Assignment - After locating the line with "line L13 (37, -3.2) -> (37, 60.8)" in the records below, print it and every line after it exactly.

_ _ _ _

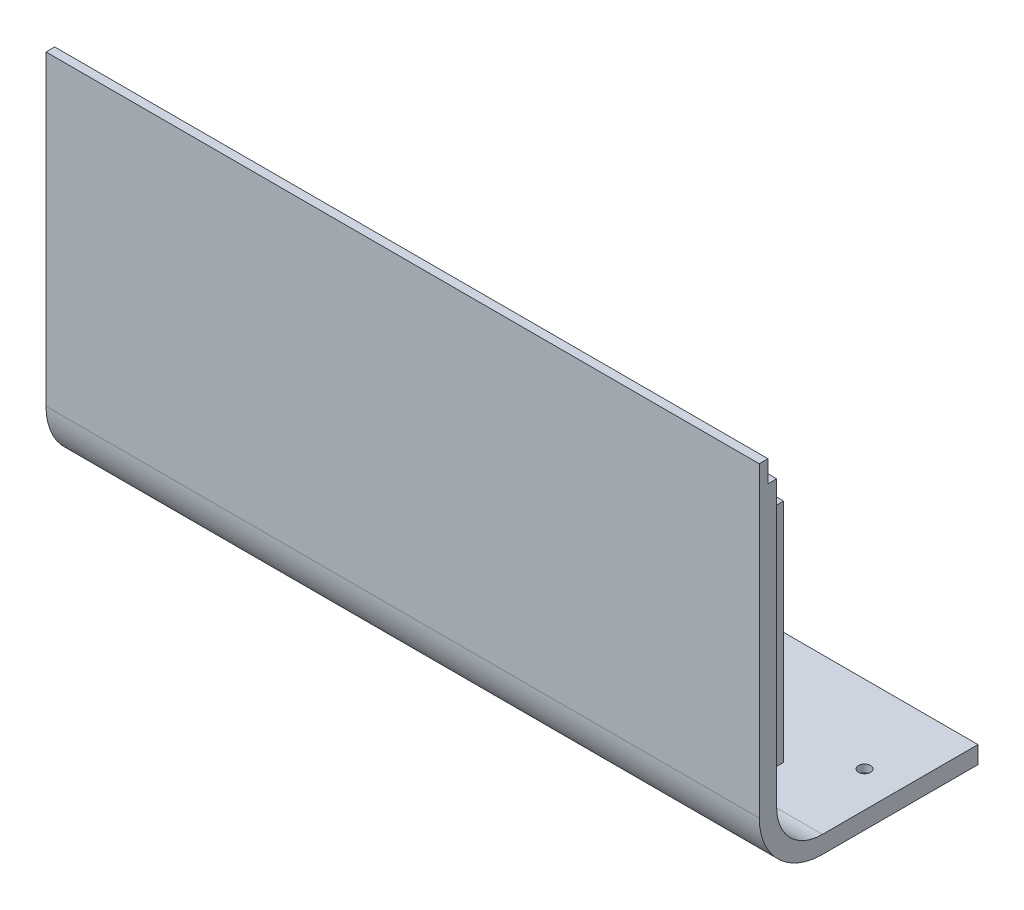
SolidWorks part; units mm, degrees
ref_plane "Alzado" through (0, 0, 0) normal (0, 0, 1) x (1, 0, 0)
ref_plane "Planta" through (0, 0, 0) normal (0, 1, 0) x (1, 0, 0)
ref_plane "Vista lateral" through (0, 0, 0) normal (1, 0, 0) x (0, 0, -1)
sketch "Croquis2" plane through (0, 0, 0) normal (1, 0, 0) x (0, 0, -1)
  line L0 (37, 0) -> (37, -3.2)
  line L1 (8.4, 0) -> (37, 0)
  line L2 (0, 8.4) -> (0, 239.6)
  line L3 (8.4, 248) -> (37, 248)
  line L5 (37, 248) -> (37, 251.2)
  line L6 (37, -3.2) -> (8.4, -3.2)
  line L7 (37, 251.2) -> (8.4, 251.2)
  line L8 (-3.2, 239.6) -> (-3.2, 8.4)
  arc A0 (8.4, 248) -> (0, 239.6) centre (8.4, 239.6) ccw
  arc A1 (0, 8.4) -> (8.4, 0) centre (8.4, 8.4) ccw
  arc A4 (8.4, 251.2) -> (-3.2, 239.6) centre (8.4, 239.6) ccw
  arc A5 (-3.2, 8.4) -> (8.4, -3.2) centre (8.4, 8.4) ccw
  point P9 (0, 0)
  dimension "D3" = 8.4
  dimension "D6" = 3.2
  dimension "D5" = 11.6
  dimension "D1" = 248
  dimension "D2" = 37
  dimension "D4" = 3.2
extrude "Saliente-Extruir1" add sketch "Croquis2" along normal blind 131.1
sketch "Croquis3" plane through (0, 251.2, 0) normal (0, 1, 0) x (1, 0, 0)
  line L0 (131.1, 37) -> (0, 37) construction
  line L1 (0, 37) -> (0, 8.4) construction
  line L2 (65.55, 37) -> (65.55, 8.4) construction
  line L4 (131.1, 8.4) -> (0, 8.4) construction
  circle A0 centre (6.55, 22.7) radius 1.1
  circle A1 centre (124.55, 22.7) radius 1.1
  dimension "D3" = 2.2
  dimension "D1" = 14.3
  dimension "D2" = 6.55
extrude "Cortar-Extruir1" cut sketch "Croquis3" against normal through all
sketch "Croquis4" plane through (0, 0, 3.2) normal (0, 0, 1) x (1, 0, 0)
  line L0 (131.1, 8.4) -> (0, 8.4) construction
  line L1 (0, 249.9) -> (0, 248) construction
  line L2 (65.55, 239.6) -> (65.55, 8.4) construction
  line L4 (5, 234) -> (126.1, 234)
  line L5 (126.1, 234) -> (126.1, 158.2)
  line L6 (126.1, 158.2) -> (5, 158.2)
  line L7 (5, 158.2) -> (5, 234)
  line L8 (0, 239.6) -> (0, 8.4) construction
  line L9 (131.1, 239.6) -> (0, 239.6) construction
  line L10 (8.4, 117) -> (8.4, 107)
  line L11 (40.7, 86.1) -> (50.7, 86.1)
  line L12 (40.7, 86.1) -> (40.7, 96.7)
  line L13 (40.7, 96.7) -> (50.7, 96.7)
  line L14 (50.7, 86.1) -> (50.7, 96.7)
  line L15 (5, 117) -> (6.6, 117)
  line L16 (5, 117) -> (5, 107)
  line L17 (5, 107) -> (6.6, 107)
  line L18 (6.6, 117) -> (6.6, 107)
  line L19 (8.4, 117) -> (10, 117)
  line L20 (10, 117) -> (10, 107)
  line L21 (8.4, 107) -> (10, 107)
  line L22 (11.8, 117) -> (11.8, 107)
  line L23 (11.8, 117) -> (13.4, 117)
  line L24 (13.4, 117) -> (13.4, 107)
  line L25 (11.8, 107) -> (13.4, 107)
  line L26 (15.2, 117) -> (15.2, 107)
  line L27 (15.2, 117) -> (16.8, 117)
  line L28 (16.8, 117) -> (16.8, 107)
  line L29 (15.2, 107) -> (16.8, 107)
  line L30 (18.6, 117) -> (18.6, 107)
  line L31 (18.6, 117) -> (20.2, 117)
  line L32 (20.2, 117) -> (20.2, 107)
  line L33 (18.6, 107) -> (20.2, 107)
  line L34 (22, 117) -> (22, 107)
  line L35 (22, 117) -> (23.6, 117)
  line L36 (23.6, 117) -> (23.6, 107)
  line L37 (22, 107) -> (23.6, 107)
  line L38 (25.4, 117) -> (25.4, 107)
  line L39 (25.4, 117) -> (27, 117)
  line L40 (27, 117) -> (27, 107)
  line L41 (25.4, 107) -> (27, 107)
  line L42 (28.8, 117) -> (28.8, 107)
  line L43 (28.8, 117) -> (30.4, 117)
  line L44 (30.4, 117) -> (30.4, 107)
  line L45 (28.8, 107) -> (30.4, 107)
  line L46 (32.2, 117) -> (32.2, 107)
  line L47 (32.2, 117) -> (33.8, 117)
  line L48 (33.8, 117) -> (33.8, 107)
  line L49 (32.2, 107) -> (33.8, 107)
  line L50 (35.6, 117) -> (35.6, 107)
  line L51 (35.6, 117) -> (37.2, 117)
  line L52 (37.2, 117) -> (37.2, 107)
  line L53 (35.6, 107) -> (37.2, 107)
  line L54 (39, 117) -> (39, 107)
  line L55 (39, 117) -> (40.6, 117)
  line L56 (40.6, 117) -> (40.6, 107)
  line L57 (39, 107) -> (40.6, 107)
  line L58 (42.4, 117) -> (42.4, 107)
  line L59 (42.4, 117) -> (44, 117)
  line L60 (44, 117) -> (44, 107)
  line L61 (42.4, 107) -> (44, 107)
  line L62 (45.8, 117) -> (45.8, 107)
  line L63 (45.8, 117) -> (47.4, 117)
  line L64 (47.4, 117) -> (47.4, 107)
  line L65 (45.8, 107) -> (47.4, 107)
  line L66 (49.2, 117) -> (49.2, 107)
  line L67 (49.2, 117) -> (50.8, 117)
  line L68 (50.8, 117) -> (50.8, 107)
  line L69 (49.2, 107) -> (50.8, 107)
  circle A0 centre (17, 79.6) radius 10.7
  circle A1 centre (65.55, 113.5) radius 5.07
  point P0 (5, 234)
  point P9 (126.1, 234)
  dimension "D6" = 21.4
  dimension "D16" = 10.14
  dimension "D2" = 121.1
  dimension "D3" = 75.8
  dimension "D4" = 17
  dimension "D5" = 168.4
  dimension "D7" = 23.7
  dimension "D8" = 151.3
  dimension "D9" = 10
  dimension "D10" = 10.6
  dimension "D11" = 131
  dimension "D12" = 10
  dimension "D13" = 1.6
  dimension "D14" = 5
  dimension "D17" = 134.5
  dimension "D18" = 14
  dimension "D15" = 14
extrude "Cortar-Extruir2" cut sketch "Croquis4" against normal through all
sketch "Croquis7" plane through (0, 0, 0) normal (0, 0, -1) x (-1, 0, 0)
  line L5 (-127.46, 125.3) -> (-127.96, 125.3)
  line L10 (-126.1, 234) -> (-127.46, 234)
  line L11 (-126.1, 234) -> (-126.1, 136)
  line L12 (-126.1, 136) -> (-127.46, 136)
  line L13 (-127.46, 234) -> (-127.46, 136)
  line L14 (-5, 234) -> (-3.64, 234)
  line L15 (-5, 234) -> (-5, 136)
  line L16 (-5, 136) -> (-3.64, 136)
  line L17 (-3.64, 234) -> (-3.64, 136)
  line L18 (-127.46, 125.3) -> (-126.1, 125.3)
  line L20 (-127.46, 66.3) -> (-126.1, 66.3)
  line L21 (-126.1, 125.3) -> (-126.1, 66.3)
  line L22 (-3.64, 125.3) -> (-5, 125.3)
  line L24 (-3.64, 66.3) -> (-5, 66.3)
  line L25 (-5, 125.3) -> (-5, 66.3)
  line L27 (-127.46, 66.3) -> (-127.96, 66.3)
  line L28 (-127.96, 125.3) -> (-127.96, 66.3)
  line L29 (-3.64, 125.3) -> (-3.14, 125.3)
  line L31 (-3.64, 66.3) -> (-3.14, 66.3)
  line L32 (-3.14, 125.3) -> (-3.14, 66.3)
  line L33 (-126.1, 53.5) -> (-127.96, 53.5)
  line L34 (-126.1, 53.5) -> (-126.1, 11.9)
  line L35 (-126.1, 11.9) -> (-127.96, 11.9)
  line L36 (-127.96, 53.5) -> (-127.96, 11.9)
  line L37 (-5, 53.5) -> (-3.14, 53.5)
  line L38 (-5, 53.5) -> (-5, 11.9)
  line L39 (-5, 11.9) -> (-3.14, 11.9)
  line L40 (-3.14, 53.5) -> (-3.14, 11.9)
  dimension "D1" = 1.36
  dimension "D2" = 98
  dimension "D3" = 10.7
  dimension "D4" = 59
  dimension "D5" = 0.5
  dimension "D6" = 0.5
  dimension "D7" = 12.8
  dimension "D8" = 1.36
  dimension "D9" = 1.36
  dimension "D10" = 0.5
  dimension "D11" = 1.36
  dimension "D12" = 41.6
extrude "Saliente-Extruir2" add sketch "Croquis7" along normal blind 4.4
sketch "Croquis8" plane through (0, 251.2, 0) normal (0, 1, 0) x (1, 0, 0)
  circle A0 centre (6.55, 22.7) radius 2.27
  circle A1 centre (124.55, 22.7) radius 2.27
  dimension "D1" = 4.54
extrude "Cortar-Extruir3" cut sketch "Croquis8" against normal blind 1.8
sketch "Croquis9" plane through (0, -3.2, 0) normal (0, -1, 0) x (1, 0, 0)
  circle A0 centre (124.55, -22.7) radius 2.27
  circle A1 centre (6.55, -22.7) radius 2.27
  dimension "D1" = 4.54
extrude "Cortar-Extruir4" cut sketch "Croquis9" against normal blind 1.8
sketch "Croquis10" plane through (0, 0, 0) normal (0, 0, -1) x (-1, 0, 0)
  line L0 (-40.7, 86.1) -> (-50.7, 86.1) construction
  line L1 (-50.7, 96.7) -> (-40.7, 96.7)
  line L2 (-50.7, 96.7) -> (-50.7, 86.1)
  line L3 (-50.7, 86.1) -> (-40.7, 86.1)
  line L4 (-40.7, 96.7) -> (-40.7, 86.1)
  line L5 (-51.9, 97.9) -> (-39.5, 97.9)
  line L6 (-39.5, 97.9) -> (-39.5, 84.9)
  line L7 (-39.5, 84.9) -> (-51.9, 84.9)
  line L8 (-51.9, 84.9) -> (-51.9, 97.9)
  line L9 (-40.7, 96.7) -> (-40.7, 86.1) construction
  circle A0 centre (-17, 79.6) radius 11.9
  circle A1 centre (-17, 79.6) radius 10.7 construction
  circle A2 centre (-17, 79.6) radius 10.7
  dimension "D1" = 1.2
  dimension "D2" = 1.2
  dimension "D3" = 1.2
  dimension "D4" = 1.2
  dimension "D5" = 1.2
extrude "Saliente-Extruir4" add sketch "Croquis10" along normal blind 8.6
fillet "Redondeo2" radius 1.28 4 edges at (50.7, 86.1, -2.7) (50.7, 96.7, -2.7) (40.7, 96.7, -2.7) (40.7, 86.1, -2.7)
ref_plane "Plano1" through (-10, 0, 0) normal (-1, 0, 0) x (0, 0, 1)
sketch "Croquis11" plane through (-10, 0, 0) normal (-1, 0, 0) x (0, 0, 1)
  line L0 (-8.6, 79.6) -> (0, 79.6) construction
  line L1 (-8.6, 91.5) -> (-8.6, 67.7) construction
  line L4 (-6.3, 72.6) -> (-2.3, 72.6)
  line L5 (-6.3, 72.6) -> (-6.3, 86.6)
  line L6 (-6.3, 86.6) -> (-2.3, 86.6)
  line L7 (-2.3, 72.6) -> (-2.3, 86.6)
  line L8 (-6.3, 72.6) -> (-2.3, 86.6) construction
  line L9 (-6.3, 86.6) -> (-2.3, 72.6) construction
  line L10 (0, 8.4) -> (0, 239.6) construction
  point P6 (-4.3, 79.6)
  dimension "D1" = 4
  dimension "D2" = 14
extrude "Cortar-Extruir5" cut sketch "Croquis11" against normal up to surface (18.9074 mm away)
sketch "Croquis13" plane through (0, 0, -8.6) normal (0, 0, -1) x (-1, 0, 0)
  line L0 (-49.42, 96.7) -> (-41.98, 96.7)
  line L1 (-49.42, 86.1) -> (-41.98, 86.1)
  line L2 (-40.7, 87.38) -> (-40.7, 95.42)
  line L3 (-50.7, 87.38) -> (-50.7, 95.42)
  line L4 (-51.9, 97.9) -> (-51.9, 84.9)
  line L5 (-51.9, 84.9) -> (-39.5, 84.9)
  line L6 (-39.5, 84.9) -> (-39.5, 97.9)
  line L7 (-39.5, 97.9) -> (-51.9, 97.9)
  line L8 (-51.9, 97.9) -> (-51.9, 84.9)
  line L9 (-51.9, 84.9) -> (-39.5, 84.9)
  line L10 (-39.5, 84.9) -> (-39.5, 97.9)
  line L11 (-39.5, 97.9) -> (-51.9, 97.9)
  circle A0 centre (-49.42, 95.42) radius 1.28
  circle A1 centre (-49.42, 87.38) radius 1.28
  circle A2 centre (-41.98, 87.38) radius 1.28
  circle A3 centre (-41.98, 95.42) radius 1.28
  line M5 (-51.9, 97.9) -> (-51.9, 84.9)
  line M6 (-51.9, 84.9) -> (-39.5, 84.9)
  line M7 (-39.5, 84.9) -> (-39.5, 97.9)
  line M8 (-39.5, 97.9) -> (-51.9, 97.9)
  line M9 (-50.7, 87.38) -> (-50.7, 95.42)
  arc M10 (-50.7, 95.42) -> (-49.42, 96.7) centre (-49.42, 95.42) cw
  line M11 (-49.42, 96.7) -> (-41.98, 96.7)
  arc M12 (-41.98, 96.7) -> (-40.7, 95.42) centre (-41.98, 95.42) cw
  line M13 (-40.7, 95.42) -> (-40.7, 87.38)
  arc M14 (-40.7, 87.38) -> (-41.98, 86.1) centre (-41.98, 87.38) cw
  line M15 (-41.98, 86.1) -> (-49.42, 86.1)
  arc M16 (-49.42, 86.1) -> (-50.7, 87.38) centre (-49.42, 87.38) cw
  dimension "D1" = 0
extrude "Saliente-Extruir6" add sketch "Croquis13" along normal blind 1 contours M8 M5 M6 M7 M16 M9 M10 M11 M12 M13 M14 M15
sketch "Croquis14" plane through (0, 0, 0) normal (0, 0, -1) x (-1, 0, 0)
  line L0 (-65.55, 113.5) -> (-65.55, 74.9205) construction
  circle A0 centre (-65.55, 88.8) radius 1.5
  circle A1 centre (-65.55, 88.8) radius 2.8
  dimension "D2" = 3
  dimension "D3" = 5.6
  dimension "D1" = 24.7
extrude "Saliente-Extruir7" add sketch "Croquis14" along normal blind 8.4
fillet "Redondeo3" radius 1.28 1 edges at (68.35, 88.8, 0)
sketch "Croquis17" plane through (127.46, 0, 0) normal (1, 0, 0) x (0, 0, -1)
  line L0 (4.4, 234) -> (4.4, 136) construction
  line L1 (0, 234) -> (4.4, 234)
  line L2 (0, 234) -> (0, 233.6)
  line L3 (0, 233.6) -> (4.4, 233.6)
  line L4 (4.4, 234) -> (4.4, 233.6)
  dimension "D1" = 0.4
extrude "Cortar-Extruir6" cut sketch "Croquis17" against normal through all
fillet "Redondeo4" radius 1.6 2 edges at (51.9, 91.4, 0) (39.5, 91.4, 0)
sketch "Croquis19" plane through (0, 0, 0) normal (0, 0, -1) x (-1, 0, 0)
  line L5 (-17, 67.7) -> (-17, 79.6) construction
  line L18 (-17, 79.6) -> (-17, 91.5) construction
  circle A2 centre (-17, 79.6) radius 11.9 construction
  circle A3 centre (-17, 91.5) radius 1.12
  circle A4 centre (-17, 67.7) radius 1.12
  dimension "D1" = 2.24
extrude "Saliente-Extruir8" add sketch "Croquis19" along normal up to surface (8.6 mm away) up to face at (5.1, 79.6, -8.6)
fillet "Redondeo5" radius 1 1 edges at (28.9, 79.6, 0)
sketch "Croquis21" plane through (127.96, 0, 0) normal (1, 0, 0) x (0, 0, -1)
  line L1 (4.4, 66.3) -> (3.8, 66.3)
  line L2 (4.4, 66.3) -> (4.4, 92.3)
  line L3 (4.4, 92.3) -> (3.8, 92.3)
  line L4 (3.8, 66.3) -> (3.8, 92.3)
  dimension "D1" = 0.6
  dimension "D2" = 26
extrude "Cortar-Extruir8" cut sketch "Croquis21" against normal up to vertex
sketch "Croquis23" plane through (0, 0, 3.2) normal (0, 0, 1) x (1, 0, 0)
  line L0 (126.1, 158.2) -> (126.1, 234) construction
  line L1 (5, 158.2) -> (126.1, 158.2)
  line L2 (5, 158.2) -> (5, 158.1)
  line L3 (5, 158.1) -> (126.1, 158.1)
  line L4 (126.1, 158.2) -> (126.1, 158.1)
  dimension "D1" = 0.1
extrude "Cortar-Extruir9" cut sketch "Croquis23" against normal through all
sketch "Croquis24" plane through (131.1, 0, 0) normal (1, 0, 0) x (0, 0, -1)
  line L0 (-3.2, 239.6) -> (-3.2, 8.4) construction
  line L1 (37, 251.2) -> (-3.2, 251.2)
  line L2 (37, 251.2) -> (37, 60.8)
  line L3 (37, 60.8) -> (-1.6, 60.8)
  line L4 (-3.2, 251.2) -> (-3.2, 64.8)
  line L5 (8.4, -3.2) -> (37, -3.2) construction
  line L6 (0, 58.1813) -> (-3.2, 58.1813) construction
  line L7 (0, 8.4) -> (0, 239.6) construction
  line L8 (-1.6, 60.8) -> (-1.6, 64.8)
  line L9 (-1.6, 64.8) -> (-3.2, 64.8)
  line L10 (-1.6, 64.8) -> (-3.2, 64.8)
  line L11 (-3.2, 64.8) -> (-3.2, -3.2)
  line L12 (37, -3.2) -> (-3.2, -3.2)
  line L13 (37, -3.2) -> (37, 60.8)
  line M8 (37, 248) -> (37, 251.2)
  line M9 (37, 251.2) -> (8.4, 251.2)
  arc M10 (8.4, 251.2) -> (-3.2, 239.6) centre (8.4, 239.6) ccw
  line M11 (-3.2, 239.6) -> (-3.2, 8.4)
  line M17 (0, 8.4) -> (0, 239.6)
  arc M18 (0, 239.6) -> (8.4, 248) centre (8.4, 239.6) cw
  line M19 (8.4, 248) -> (37, 248)
  dimension "D1" = 64
  dimension "D2" = 4
  dimension "D3" = 1.6
extrude "Cortar-Extruir10" cut sketch "Croquis24" against normal through all contours L3 L2 M19 M18 M17 | L9 L8 L3 M17 M18 M19 M8 M9 M10 M11

_ _ _ _

Worked solution -
  line L13 (37, -3.2) -> (37, 60.8)
  line M8 (37, 248) -> (37, 251.2)
  line M9 (37, 251.2) -> (8.4, 251.2)
  arc M10 (8.4, 251.2) -> (-3.2, 239.6) centre (8.4, 239.6) ccw
  line M11 (-3.2, 239.6) -> (-3.2, 8.4)
  line M17 (0, 8.4) -> (0, 239.6)
  arc M18 (0, 239.6) -> (8.4, 248) centre (8.4, 239.6) cw
  line M19 (8.4, 248) -> (37, 248)
  dimension "D1" = 64
  dimension "D2" = 4
  dimension "D3" = 1.6
extrude "Cortar-Extruir10" cut sketch "Croquis24" against normal through all contours L3 L2 M19 M18 M17 | L9 L8 L3 M17 M18 M19 M8 M9 M10 M11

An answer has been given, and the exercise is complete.